I'd told Hallie about my bold, ridiculous little deposition on the pH of the river, and a few days later I'd had to follow up with the news of the river's getting dammed-questions of pH being entirely academic. I felt humiliated. Eventually she wrote back to say: "Think of how we grew up. You can't live through something like that, and not take risks now. There's no getting around it." She was admonishing me, I guess. I should have more loyalty to my hometown. I wasn't brave; I was still trying to get around it. A good citizen of the nation in love with forgetting. I pelleted the surface of the water with goldfish flakes. In nature there are animals that fight and those that flee; I was a flighty beast. Hallie seemed to think I'd crossed over-she claimed I was the one who'd once wanted to dig in and fight to save the coyote pups. Emelina thought I'd been ringleader in campaigns to save stewing hens. In my years of clear recall there was no such picture. When Hallie and I lived in Tucson, in the time of the refugees, she would stay up all night rubbing the backs of people's hands and holding their shell-shocked babies. I couldn't.I would cross my arms over my chest and go to bed. Later, after my second year of med school, I'd been able to address their external wounds but no more than that.
The people of Grace would soon be refugees too, turned out from here like pennies from a pocket. Their history would dissolve as families made their separate ways to Tucson or Phoenix, where there were jobs. I tried to imagine Emelina's bunch in a tract house, her neighbors all keeping a nervous eye on the color coordination of her flowerbeds. And my wonderfully overconfident high-school kids being swallowed alive by city schools where they'd all learn to walk like Barbara, suffering for their small-town accents and inadequate toughness. It was easy to be tough enough in Grace.

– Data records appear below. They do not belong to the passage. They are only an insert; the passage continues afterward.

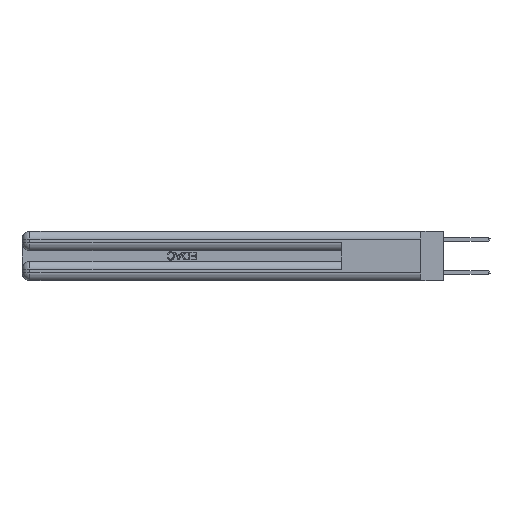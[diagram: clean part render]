
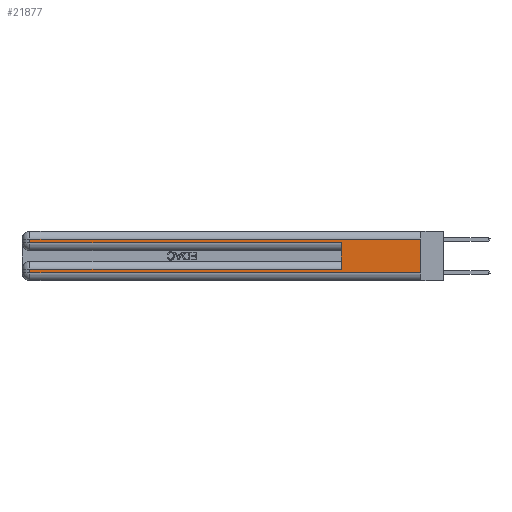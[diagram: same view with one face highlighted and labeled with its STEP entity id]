
A CAD part, left-side view. The second image highlights one B-rep face of the part: STEP entity #21877.
In plain terms, the highlighted planar face has unit normal (-1, 0, 0).
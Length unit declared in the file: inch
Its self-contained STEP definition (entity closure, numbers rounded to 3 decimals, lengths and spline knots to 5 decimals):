
#136 = PLANE ( 'NONE',  #1682 ) ;
#497 = DIRECTION ( 'NONE',  ( 0., -1., 0. ) ) ;
#635 = DIRECTION ( 'NONE',  ( 0., 0., -1. ) ) ;
#665 = VECTOR ( 'NONE', #23990, 39.37008 ) ;
#1326 = VECTOR ( 'NONE', #6034, 39.37008 ) ;
#1682 = AXIS2_PLACEMENT_3D ( 'NONE', #4948, #2603, #13789 ) ;
#1725 = CARTESIAN_POINT ( 'NONE',  ( 0., 0., 0.31 ) ) ;
#1740 = LINE ( 'NONE', #9009, #26144 ) ;
#2060 = CARTESIAN_POINT ( 'NONE',  ( 0., 2.94, 0.06 ) ) ;
#2248 = CARTESIAN_POINT ( 'NONE',  ( 0., 0.6, 0.085 ) ) ;
#2292 = DIRECTION ( 'NONE',  ( 0., 0., -1. ) ) ;
#2490 = ORIENTED_EDGE ( 'NONE', *, *, #18980, .T. ) ;
#2603 = DIRECTION ( 'NONE',  ( 1., 0., 0. ) ) ;
#2746 = CARTESIAN_POINT ( 'NONE',  ( 0., 2.94, 0.285 ) ) ;
#3892 = CARTESIAN_POINT ( 'NONE',  ( 0., 0., 0.06 ) ) ;
#4219 = VERTEX_POINT ( 'NONE', #11599 ) ;
#4916 = DIRECTION ( 'NONE',  ( 0., 0., -1. ) ) ;
#4948 = CARTESIAN_POINT ( 'NONE',  ( 0., 0., 0.37 ) ) ;
#5000 = CARTESIAN_POINT ( 'NONE',  ( 0., 2.94, 0.37 ) ) ;
#5064 = LINE ( 'NONE', #14529, #20643 ) ;
#6034 = DIRECTION ( 'NONE',  ( 0., 0., 1. ) ) ;
#6214 = CARTESIAN_POINT ( 'NONE',  ( 0., 0., 0.06 ) ) ;
#6603 = EDGE_LOOP ( 'NONE', ( #13898, #14363, #6667, #24856, #21002, #24072, #28019, #2490 ) ) ;
#6667 = ORIENTED_EDGE ( 'NONE', *, *, #11298, .T. ) ;
#7307 = VERTEX_POINT ( 'NONE', #20281 ) ;
#7476 = LINE ( 'NONE', #21756, #21827 ) ;
#7849 = VERTEX_POINT ( 'NONE', #2060 ) ;
#7964 = EDGE_CURVE ( 'NONE', #4219, #7849, #23902, .T. ) ;
#8282 = CARTESIAN_POINT ( 'NONE',  ( 0., 2.94, 0.31 ) ) ;
#8784 = EDGE_CURVE ( 'NONE', #11867, #4219, #19490, .T. ) ;
#9009 = CARTESIAN_POINT ( 'NONE',  ( 0., 0., 0.31 ) ) ;
#10094 = VECTOR ( 'NONE', #635, 39.37008 ) ;
#11298 = EDGE_CURVE ( 'NONE', #14647, #24955, #18730, .T. ) ;
#11599 = CARTESIAN_POINT ( 'NONE',  ( 0., 2.94, 0.085 ) ) ;
#11867 = VERTEX_POINT ( 'NONE', #2248 ) ;
#11905 = FACE_OUTER_BOUND ( 'NONE', #6603, .T. ) ;
#12609 = EDGE_CURVE ( 'NONE', #11867, #7307, #20307, .T. ) ;
#12863 = CARTESIAN_POINT ( 'NONE',  ( 0., 0.6, 0.145 ) ) ;
#13789 = DIRECTION ( 'NONE',  ( 0., 0., -1. ) ) ;
#13898 = ORIENTED_EDGE ( 'NONE', *, *, #25019, .F. ) ;
#13964 = VERTEX_POINT ( 'NONE', #1725 ) ;
#14363 = ORIENTED_EDGE ( 'NONE', *, *, #26984, .T. ) ;
#14529 = CARTESIAN_POINT ( 'NONE',  ( 0., 0., 0.37 ) ) ;
#14647 = VERTEX_POINT ( 'NONE', #8282 ) ;
#16368 = EDGE_CURVE ( 'NONE', #24955, #7307, #7476, .T. ) ;
#18730 = LINE ( 'NONE', #28023, #30343 ) ;
#18980 = EDGE_CURVE ( 'NONE', #7849, #20228, #20011, .T. ) ;
#19490 = LINE ( 'NONE', #26176, #665 ) ;
#20011 = LINE ( 'NONE', #3892, #27883 ) ;
#20228 = VERTEX_POINT ( 'NONE', #6214 ) ;
#20281 = CARTESIAN_POINT ( 'NONE',  ( 0., 0.6, 0.285 ) ) ;
#20307 = LINE ( 'NONE', #12863, #1326 ) ;
#20643 = VECTOR ( 'NONE', #2292, 39.37008 ) ;
#21002 = ORIENTED_EDGE ( 'NONE', *, *, #12609, .F. ) ;
#21756 = CARTESIAN_POINT ( 'NONE',  ( 0., 0., 0.285 ) ) ;
#21827 = VECTOR ( 'NONE', #497, 39.37008 ) ;
#21877 = ADVANCED_FACE ( 'NONE', ( #11905 ), #136, .F. ) ;
#22821 = DIRECTION ( 'NONE',  ( 0., 1., 0. ) ) ;
#23902 = LINE ( 'NONE', #5000, #10094 ) ;
#23990 = DIRECTION ( 'NONE',  ( 0., 1., 0. ) ) ;
#24072 = ORIENTED_EDGE ( 'NONE', *, *, #8784, .T. ) ;
#24856 = ORIENTED_EDGE ( 'NONE', *, *, #16368, .T. ) ;
#24955 = VERTEX_POINT ( 'NONE', #2746 ) ;
#25019 = EDGE_CURVE ( 'NONE', #13964, #20228, #5064, .T. ) ;
#26144 = VECTOR ( 'NONE', #22821, 39.37008 ) ;
#26176 = CARTESIAN_POINT ( 'NONE',  ( 0., 0., 0.085 ) ) ;
#26984 = EDGE_CURVE ( 'NONE', #13964, #14647, #1740, .T. ) ;
#27883 = VECTOR ( 'NONE', #29150, 39.37008 ) ;
#28019 = ORIENTED_EDGE ( 'NONE', *, *, #7964, .T. ) ;
#28023 = CARTESIAN_POINT ( 'NONE',  ( 0., 2.94, 0.37 ) ) ;
#29150 = DIRECTION ( 'NONE',  ( 0., -1., 0. ) ) ;
#30343 = VECTOR ( 'NONE', #4916, 39.37008 ) ;

Well, at least they'd know how to use condoms. I could give them that to carry through life. I settled the glass lid back over the terrarium and turned out the lights. I would be long gone before the ruination of Grace; I had a one-year contract. Now I'd made sure of it.
Rita Cardenal called me up on the phone. She hesitated for a second before speaking. "I don't think your old man has all his tires on the road."
"It's possible." I sat down in my living-room chair and waited for her to go on.
"Did you tell him about me? About dropping out?"
"Rita, no. I wouldn't do that."
Silence. She didn't believe me. To Rita we were both authority figures-but at least she'd called. "My father and I aren't real close," I said. "I go up to see him every week, but we don't exactly talk." A pregnant teen could surely buy that.
"Well, then, he's got a slightly major problem."
"What did he do?"
"He just sorta went imbalanced. I went in for my five-mouth checkup? And he said the babies were too little, but he was all kind of normal and everything?" She paused. "And then all of a sudden he just loses it and gets all creeped and makes this major scenario. Yelling at me."
"What did he say?"
"Stuff. Like, that I had to eat better and he was going to make sure I did. He said he wasn't going to let me go out of the house till I shaped up. It was like he just totally went mental. He was using that tape measure thing to measure my stomach and then he just puts it down and there's tears in his eyes and he puts his hands on my shoulders and kind of pulls me against his chest. He goes, 'We have to talk about this. Do you have any idea what's inside of you?' I got creeped out."